While this works well for an organisation of this scale, again, for OpenMarket it would likely be a hindrance than a boon to productivity. IBs approach is very inflexible, having a significantly larger number of moving parts than OM’s, and with those crucial infrastructure layers abstracted out, teams are less able to diagnose and troubleshoot issues, leaving it up to the networking team to solve. OM used a message passing approach to its core SMS platform. This was simply a library that a new service would import and integrate if it wanted to communicate with other services utilising it.
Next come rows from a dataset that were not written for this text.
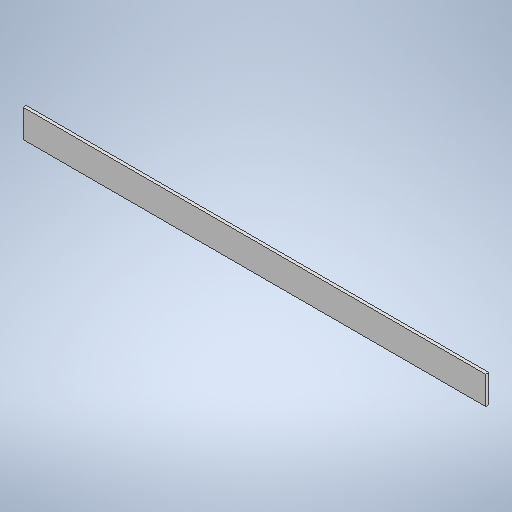
# Autodesk Inventor part: back support
Saved by Autodesk Inventor 2025.4 (Build 294407000, 407)
## iProperties
Created: 2026-05-23
Part Number: back support
Material: Generic
Document SubType Name: Modeling
Designer: lenovo
Density: 1 g/cm^3
Appearance: Default
Author: lenovo
Autodesk Inventor part; units mm, degrees
ref_plane "YZ Plane" through (0, 0, 0) normal (1, 0, 0) x (0, 1, 0)
ref_plane "XZ Plane" through (0, 0, 0) normal (0, 1, 0) x (-1, 0, 0)
ref_plane "XY Plane" through (0, 0, 0) normal (0, 0, 1) x (1, 0, 0)
sketch "Sketch1" plane through (0, 0, 0) normal (0, 0, 1) x (1, 0, 0)
  line L0 (-219.5, -13.25) -> (219.5, -13.25)
  line L1 (219.5, -13.25) -> (219.5, 13.25)
  line L2 (219.5, 13.25) -> (-219.5, 13.25)
  line L3 (-219.5, 13.25) -> (-219.5, -13.25)
  line L4 (-219.5, -13.25) -> (219.5, 13.25) construction
  line L5 (219.5, -13.25) -> (-219.5, 13.25) construction
  point P0 (0, 0)
  dimension "d0" = 26.5
  dimension "d1" = 439
  constraints: 12 end point, 2 midpoint, 2 parallel, 1 horizontal, 1 perpendicular
  measures "d0" distance of L1.end L0.end
  measures "d1" distance of L1.end L2.end
extrude "Extrusion1" add sketch "Sketch1" along normal blind 3
body "Solid1"
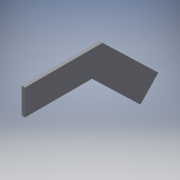
# Autodesk Inventor part: lower gusset
Saved by Autodesk Inventor 2016 (Build 200138000, 138)
## iProperties
Created: 2016-02-23
Part Number: lower gusset
Material: Aluminum 6061
Document SubType Name: Modeling
Designer: gus
Density: 2.7 g/cm^3
Appearance: Aluminum - Flat
Author: gus
Autodesk Inventor part; units mm, degrees
ref_plane "YZ Plane" through (0, 0, 0) normal (1, 0, 0) x (0, 1, 0)
ref_plane "XZ Plane" through (0, 0, 0) normal (0, 1, 0) x (-1, 0, 0)
ref_plane "XY Plane" through (0, 0, 0) normal (0, 0, 1) x (1, 0, 0)
sketch "Sketch1" plane through (0, 0, 0) normal (1, 0, 0) x (0, 1, 0)
  line L0 (0, 0) -> (0, -101.6)
  line L1 (0, -101.6) -> (-52.8555, -156.4884)
  line L2 (-25.4, 2.4125) -> (-25.4, -91.3586)
  line L3 (-25.4, -91.3586) -> (-71.1516, -138.8699)
  line L4 (-52.8555, -156.4884) -> (-71.1516, -138.8699)
  line L5 (0, 0) -> (-25.4, 0)
  dimension "d0" = 101.6
  dimension "d1" = 25.4
  dimension "d2" = 25.4
  dimension "d3" = 76.2
  dimension "d4" = 136.081
  constraints: 12 end point, 2 perpendicular, 2 vertical, 1 parallel, 1 point on line
  measures "d0" distance of L0.start L0.end
  measures "d1" distance between parallel lines of L3 L1
  measures "d2" distance between parallel lines of L2 L0
  measures "d3" distance of L0.end L1.end
  measures "d4" angle of L3 L2
extrude "Extrusion1" add sketch "Sketch1" along normal blind 3.175
body "Solid1"
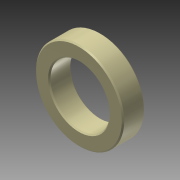
# Autodesk Inventor part: am-2271
Saved by Autodesk Inventor 2013 (Build 170138000, 138)
## iProperties
Category: Drive Base Kit
Company: Autodesk Inc.
Created: 2012-12-22
Part Number: am-2271
Document SubType Name: Modeling
Designer: Autodesk Inc.
Density: 1.10705 g/cm^3
Material: Nylon-6/6
Mass: 0.816466 g
Surface Area: 7.60009 cm^2
Volume: 0.737515 cm^3
Catalog Web Link: http://www.andymark.com/ProductDetails.asp?ProductCode=am-1181
Description: 0.188 inch thick spacer, 1/2" nominal id, made from Nylon
Vendor: AndyMark
Author: Autodesk Inc.
Autodesk Inventor part; units mm, degrees
ref_plane "YZ Plane" through (0, 0, 0) normal (1, 0, 0) x (0, 1, 0)
ref_plane "XZ Plane" through (0, 0, 0) normal (0, 1, 0) x (-1, 0, 0)
ref_plane "XY Plane" through (0, 0, 0) normal (0, 0, 1) x (1, 0, 0)
sketch "Sketch1" plane through (0, 0, 0) normal (0, 0, 1) x (1, 0, 0)
  circle A0 centre (0, 0) radius 6.4135
  circle A1 centre (0, 0) radius 9.525
  dimension "d0" = 12.827
  dimension "d1" = 19.05
  constraints: 2 centre point, 2 coincident
  measures "d0" diameter of A0
  measures "d1" diameter of A1
extrude "Extrusion1" add sketch "Sketch1" against normal blind 4.7752
chamfer "Chamfer1" distance 0.254 angle 45 4 edges at (-9.525, 0, 0) (-6.4135, 0, 0) (-9.525, 0, -4.7752) (-6.4135, 0, -4.7752)
body "Solid1"

The library handled service discovery, encoding, load balancing and service redundancy, and with it all being compacted into a single library, this left factors like networking more open to developers and therefore became a much more agile approach. Like before, it meant team members needed to have some understanding of the networking layer that perhaps the IB approach didn’t; packet captures were a somewhat uncommon occurrence at OM, but even the need for them shows how open and flexible this solution was.
Summary & Final Thoughts
What this transition has shown me so far is how much organisation scale needs to equalise with engineering; an approach taken at a hundred engineers won’t necessarily be the most pragmatic at a thousand. It is a trade-off between flexibility and homogenisation. A few smaller developers need to be fast and agile (whatever works best for the team), while a relatively enormous one with a constantly shifting and evolving catalog of services needs to be robust and uniform (whatever works best for all the teams).
While I believe there was room for alignment at OM, I believe our message passing approach was lightweight enough to be flexible, while still offering a common platform for a large number of our services. Obviously when resources are tight (which was the case at OM compared to a behemoth like IB), sleeker solutions are called for- and when they are in supply, entire teams focused around this infrastructure can streamline engineering to its maximum.
My time at OM was invaluable experience for learning about things like SSH, setting up a project with logging and config etc. manually. The sorts of things that every project requires, but is not necessarily what you yourself will need to implement. It impressed upon me the feeling of ownership, in the sense that the VM my application was running on was, for the most part, truly my responsibility, and this is something I think is fantastic experience especially for newcomers to software engineering like myself when I joined OM.
At the same time, I believe IB is the next logical step in this learning process- once you understand and appreciate all the moving parts to your software, it should become the responsibility of another team to manage that for you. Your job as a developer becomes much more streamlined, focusing on your service’s code rather than the supporting factors of it. So while I think that the direction of IBs engineering infrastructure is on the right path, it always helps to know how some of the stuff works under the hood!